Sie kämpfen gemeinsam gegen illegales Geocaching an einer als Naturdenkmal ausgewiesenen Felswand in Beckingen: Dieter Staniszewska (rechts) und Hauseigentümer Jürgen Barth, hinter dessen Anwesen das Ganze stattfindet. Foto: Dieter Lorig
Sie kämpfen gemeinsam gegen illegales Geocaching an einer als Naturdenkmal ausgewiesenen Felswand in Beckingen: Dieter Staniszewska (rechts) und Hauseigentümer Jürgen Barth, hinter dessen Anwesen das Ganze stattfindet. Foto: Dieter Lorig FOTO: Dieter Lorig
Beckingen. Durch die Kletterpartien an der Felswand hinter ihrem Haus fühlen sich die Besitzer belästigt, die Schatzsucher rufen auch die Naturschützer auf den Plan. Handelt es sich bei der Wand doch um ein ausgewiesenes Naturdenkmal. Dieter Lorig

Das Beckinger Ehepaar Jürgen und Christel Barth ist sauer: Nur wenige Meter hinter ihrem Hausgrundstück in der Dillinger Straße seilten sich in den letzten Jahren immer wieder Kletterer an einer 30 Meter hohen Felswand ab, um in eine 16 Quadratmeter große Höhle zu gelangen. Darin soll sich eine Schatzbox ("Geocache", siehe Infokasten) befunden haben, auf die es die Kletterer abgesehen hatten. Die waghalsigen Kletterpartien waren für die unterhalb der Felswand wohnenden Hauseigentümer meist mit Staub- und Lärmbelästigungen verbunden.



Gesteinsabbrüche

Zudem kam es zu gefährlichen Gesteinsabbrüchen in der langgezogenen Buntsandsteinwand am Kondeler Bach. Diese ist seit 1952 als geologisches Naturdenkmal ausgewiesen. So fühlte sich das Beckinger Ehepaar durch die Kletterer auch in seiner Privatsphäre beeinträchtigt. "Es gab Fälle, in denen die Kletterer den Rückweg nach oben über die Felswand nicht mehr schafften und sich, ohne zu fragen, über unser eingezäuntes Grundstück einen Weg zur öffentlichen Straße suchten", klagte Barth. Angelockt wurden die Kletterer durch eine amerikanische Internet-Geocaching-Plattform. Auf deren Karten war die Fundstelle der Schatzbox präzise ausgewiesen.

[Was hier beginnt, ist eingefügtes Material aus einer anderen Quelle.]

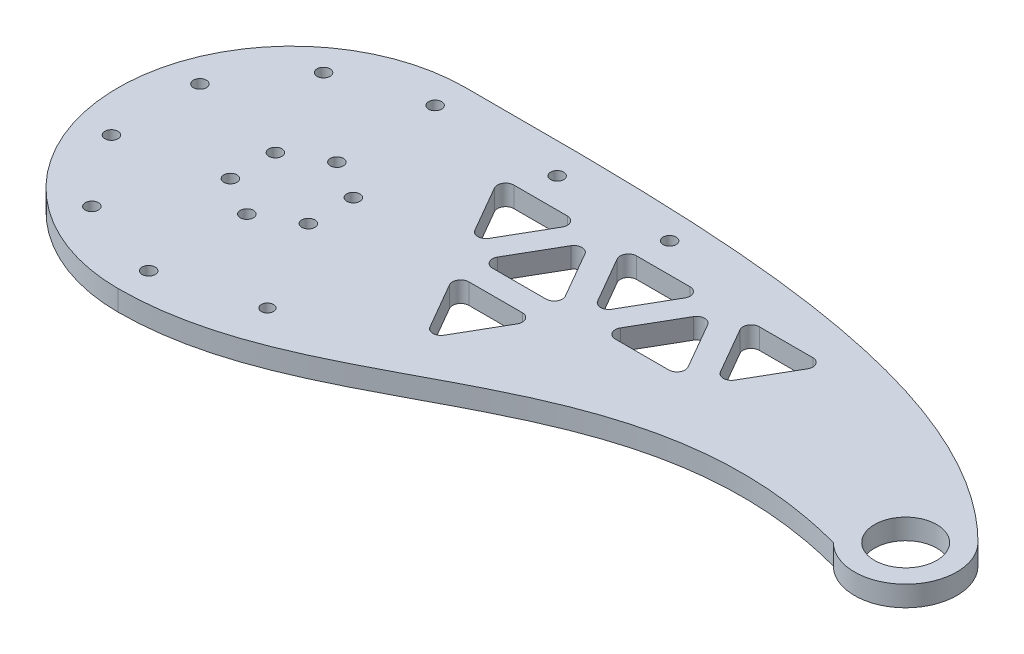
from build123d import *

# Parameters (mm, degrees)
BOSS_EXTRUDE3_OUTLINE_R = 7.6
BOSS_EXTRUDE3_DEPTH     = 5
SKETCH2_R               = 1.6
CUT_EXTRUDE1_DEPTH      = 10
SKETCH3_R               = 1.6
CUT_EXTRUDE2_DEPTH      = 10
SKETCH4_R               = 1.5
CUT_EXTRUDE3_DEPTH      = 10
SKETCH5_R               = 3.25
CUT_EXTRUDE4_DEPTH      = 1.5
CUT_EXTRUDE5_DEPTH      = 10
FILLET1_R               = 2
FILL_PATTERN1_DEPTH     = 5
CUT_EXTRUDE6_DEPTH      = 10
FILLET2_R               = 2
FILL_PATTERN2_DEPTH     = 5


# Read off the part's stored shape, not the designer's step: Boss-Extrude3, Fill Pattern1, Fill Pattern2
with BuildPart() as part:
    # Boss-Extrude3 outline → Boss-Extrude3 (new body)
    with BuildSketch(Plane(origin=(0, 0, 0), x_dir=(1, 0, 0), z_dir=(0, 1, 0))):
        with BuildLine():
            ThreePointArc((0, 42.5), (-42.5, 0), (0, -42.5))
            add(Edge.make_bspline(
                [(0, -42.5), (50, -42.5), (76.766110149, 8.415768242), (141.161165235, -8.838834765)],
                knots=[0, 0, 0, 0, 1, 1, 1, 1], degree=3))
            ThreePointArc((141.161165235, -8.838834765), (158.838834765, -8.838834765), (158.838834765, 8.838834765))
            add(Edge.make_bspline(
                [(0, 42.5), (53.483495706, 42.5), (123.483495706, 44.194173824), (158.838834765, 8.838834765)],
                knots=[0, 0, 0, 0, 1, 1, 1, 1], degree=3))
        make_face()
        with Locations((150, 0)):
            Circle(BOSS_EXTRUDE3_OUTLINE_R, mode=Mode.SUBTRACT)
    extrude(amount=BOSS_EXTRUDE3_DEPTH)

    # Sketch2 → Cut-Extrude1 (cut)
    with BuildSketch(Plane(origin=(0, 5, 0), x_dir=(1, 0, 0), z_dir=(0, 1, 0))):
        with Locations(Location((0, 35, 0), (0, 0, 270))):
            Circle(SKETCH2_R)
        with Locations(Location((0, 11, 0), (0, 0, 270))):
            Circle(SKETCH2_R)
        with Locations(Location((9.526279442, 5.5, 0), (0, 0, 270))):
            Circle(SKETCH2_R)
        with Locations(Location((9.526279442, -5.5, 0), (0, 0, 270))):
            Circle(SKETCH2_R)
        with Locations(Location((0, -11, 0), (0, 0, 270))):
            Circle(SKETCH2_R)
        with Locations(Location((-9.526279442, -5.5, 0), (0, 0, 270))):
            Circle(SKETCH2_R)
        with Locations(Location((-9.526279442, 5.5, 0), (0, 0, 270))):
            Circle(SKETCH2_R)
        with Locations(Location((-20.57248383, 28.315594803, 0), (0, 0, 270))):
            Circle(SKETCH2_R)
        with Locations(Location((-33.28697807, 10.815594803, 0), (0, 0, 270))):
            Circle(SKETCH2_R)
        with Locations(Location((-33.28697807, -10.815594803, 0), (0, 0, 270))):
            Circle(SKETCH2_R)
        with Locations(Location((-20.57248383, -28.315594803, 0), (0, 0, 270))):
            Circle(SKETCH2_R)
        with Locations(Location((0, -35, 0), (0, 0, 270))):
            Circle(SKETCH2_R)
    extrude(amount=-CUT_EXTRUDE1_DEPTH, mode=Mode.SUBTRACT)

    # Sketch3 → Cut-Extrude2 (cut)
    with BuildSketch(Plane(origin=(0, 5, 0), x_dir=(1, 0, 0), z_dir=(0, 1, 0))):
        with Locations(Location((29.822508304, 35, 0), (0, 0, 270))):
            Circle(SKETCH3_R)
        with Locations(Location((57.312909887, 35, 0), (0, 0, 270))):
            Circle(SKETCH3_R)
    extrude(amount=-CUT_EXTRUDE2_DEPTH, mode=Mode.SUBTRACT)

    # Sketch4 → Cut-Extrude3 (cut)
    with BuildSketch(Plane(origin=(0, 5, 0), x_dir=(1, 0, 0), z_dir=(0, 1, 0))):
        with Locations(Location((22.392043347, -28.36049342, 0), (0, 0, 270))):
            Circle(SKETCH4_R)
    extrude(amount=-CUT_EXTRUDE3_DEPTH, mode=Mode.SUBTRACT)

    # Sketch5 → Cut-Extrude4 (cut)
    with BuildSketch(Plane.XZ):
        with Locations(Location((0, 11, 0), (0, 0, 270))):
            Circle(SKETCH5_R)
        with Locations(Location((9.526279442, 5.5, 0), (0, 0, 270))):
            Circle(SKETCH5_R)
        with Locations(Location((9.526279442, -5.5, 0), (0, 0, 270))):
            Circle(SKETCH5_R)
        with Locations(Location((0, -11, 0), (0, 0, 270))):
            Circle(SKETCH5_R)
        with Locations(Location((-9.526279442, -5.5, 0), (0, 0, 270))):
            Circle(SKETCH5_R)
        with Locations(Location((-9.526279442, 5.5, 0), (0, 0, 270))):
            Circle(SKETCH5_R)
    extrude(amount=-CUT_EXTRUDE4_DEPTH, mode=Mode.SUBTRACT)

    # Sketch6 → Cut-Extrude5 (cut)
    with BuildSketch(Plane(origin=(0, 5, 0), x_dir=(1, 0, 0), z_dir=(0, 1, 0))):
        Polygon((43, 27.773502692), (23, 27.773502692), (33, 10.452994616), align=None)
    extrude(amount=-CUT_EXTRUDE5_DEPTH, mode=Mode.SUBTRACT)

    # Fillet1
    fillet1_edges = [part.edges().sort_by_distance(p)[0] for p in [
        (43, 2.5, -27.773502692),
        (33, 2.5, -10.452994616),
        (23, 2.5, -27.773502692),
    ]]
    fillet(fillet1_edges, radius=FILLET1_R)

    # Fill Pattern1 outline → Fill Pattern1 (cut)
    with BuildSketch(Plane(origin=(0, 0, 0), x_dir=(1, 0, 0), z_dir=(0, 1, 0))):
        with BuildLine():
            ThreePointArc((41.464101615, 1.792740578), (39.732050808, 0.792740578), (39.732050808, -1.207259422))
            Line((39.732050808, -1.207259422), (46.267949192, -12.527767497))
            ThreePointArc((46.267949192, -12.527767497), (48, -13.527767497), (49.732050808, -12.527767497))
            Line((49.732050808, -12.527767497), (56.267949192, -1.207259422))
            ThreePointArc((56.267949192, -1.207259422), (56.267949192, 0.792740578), (54.535898385, 1.792740578))
            Line((54.535898385, 1.792740578), (41.464101615, 1.792740578))
        make_face()
        with BuildLine():
            ThreePointArc((101.267949192, 24.773502692), (101.267949192, 26.773502692), (99.535898385, 27.773502692))
            Line((99.535898385, 27.773502692), (86.464101615, 27.773502692))
            ThreePointArc((86.464101615, 27.773502692), (84.732050808, 26.773502692), (84.732050808, 24.773502692))
            Line((84.732050808, 24.773502692), (91.267949192, 13.452994616))
            ThreePointArc((91.267949192, 13.452994616), (93, 12.452994616), (94.732050808, 13.452994616))
            Line((94.732050808, 13.452994616), (101.267949192, 24.773502692))
        make_face()
        with BuildLine():
            ThreePointArc((71.267949192, 24.773502692), (71.267949192, 26.773502692), (69.535898385, 27.773502692))
            Line((69.535898385, 27.773502692), (56.464101615, 27.773502692))
            ThreePointArc((56.464101615, 27.773502692), (54.732050808, 26.773502692), (54.732050808, 24.773502692))
            Line((54.732050808, 24.773502692), (61.267949192, 13.452994616))
            ThreePointArc((61.267949192, 13.452994616), (63, 12.452994616), (64.732050808, 13.452994616))
            Line((64.732050808, 13.452994616), (71.267949192, 24.773502692))
        make_face()
    extrude(amount=FILL_PATTERN1_DEPTH, mode=Mode.SUBTRACT)

    # Sketch8 → Cut-Extrude6 (cut)
    with BuildSketch(Plane(origin=(0, 5, 0), x_dir=(1, 0, 0), z_dir=(0, 1, 0))):
        Polygon((58, 7.56624327), (48, 24.886751346), (38, 7.56624327), align=None)
    extrude(amount=-CUT_EXTRUDE6_DEPTH, mode=Mode.SUBTRACT)

    # Fillet2
    fillet2_edges = [part.edges().sort_by_distance(p)[0] for p in [
        (58, 2.5, -7.56624327),
        (38, 2.5, -7.56624327),
        (48, 2.5, -24.886751346),
    ]]
    fillet(fillet2_edges, radius=FILLET2_R)

    # Fill Pattern2 outline → Fill Pattern2 (cut)
    with BuildSketch(Plane(origin=(0, 0, 0), x_dir=(1, 0, 0), z_dir=(0, 1, 0))):
        with BuildLine():
            ThreePointArc((69.732050808, 10.56624327), (69.732050808, 8.56624327), (71.464101615, 7.56624327))
            Line((71.464101615, 7.56624327), (84.535898385, 7.56624327))
            ThreePointArc((84.535898385, 7.56624327), (86.267949192, 8.56624327), (86.267949192, 10.56624327))
            Line((86.267949192, 10.56624327), (79.732050808, 21.886751346))
            ThreePointArc((79.732050808, 21.886751346), (78, 22.886751346), (76.267949192, 21.886751346))
            Line((76.267949192, 21.886751346), (69.732050808, 10.56624327))
        make_face()
    extrude(amount=FILL_PATTERN2_DEPTH, mode=Mode.SUBTRACT)


solid = part.part

Ein besonderer Reiz für das beliebte Geocaching als moderne Form der Schatzsuche mittels GPS-Empfängern scheint darin zu liegen, dieses Hobby an ungewöhnlichen Stellen zu betreiben. "Geocaching an der Beckinger Felswand ist nicht nur höchst gefährlich, sondern auch illegal und bedroht dort die Flora, Fauna sowie Tierwelt", erläuterte Dieter Staniszewska im Gespräch mit der SZ. Der 52-jährige Dillinger ist Vorsitzender eines Arbeitskreises, deren Mitglieder sich im Saarland und Rheinland-Pfalz um Natur- und Artenschutz kümmern. Er vermutet, dass die in der Beckinger Felswand vorhandenen Spalten auch Rückzugsorte für Fledermäuse sind.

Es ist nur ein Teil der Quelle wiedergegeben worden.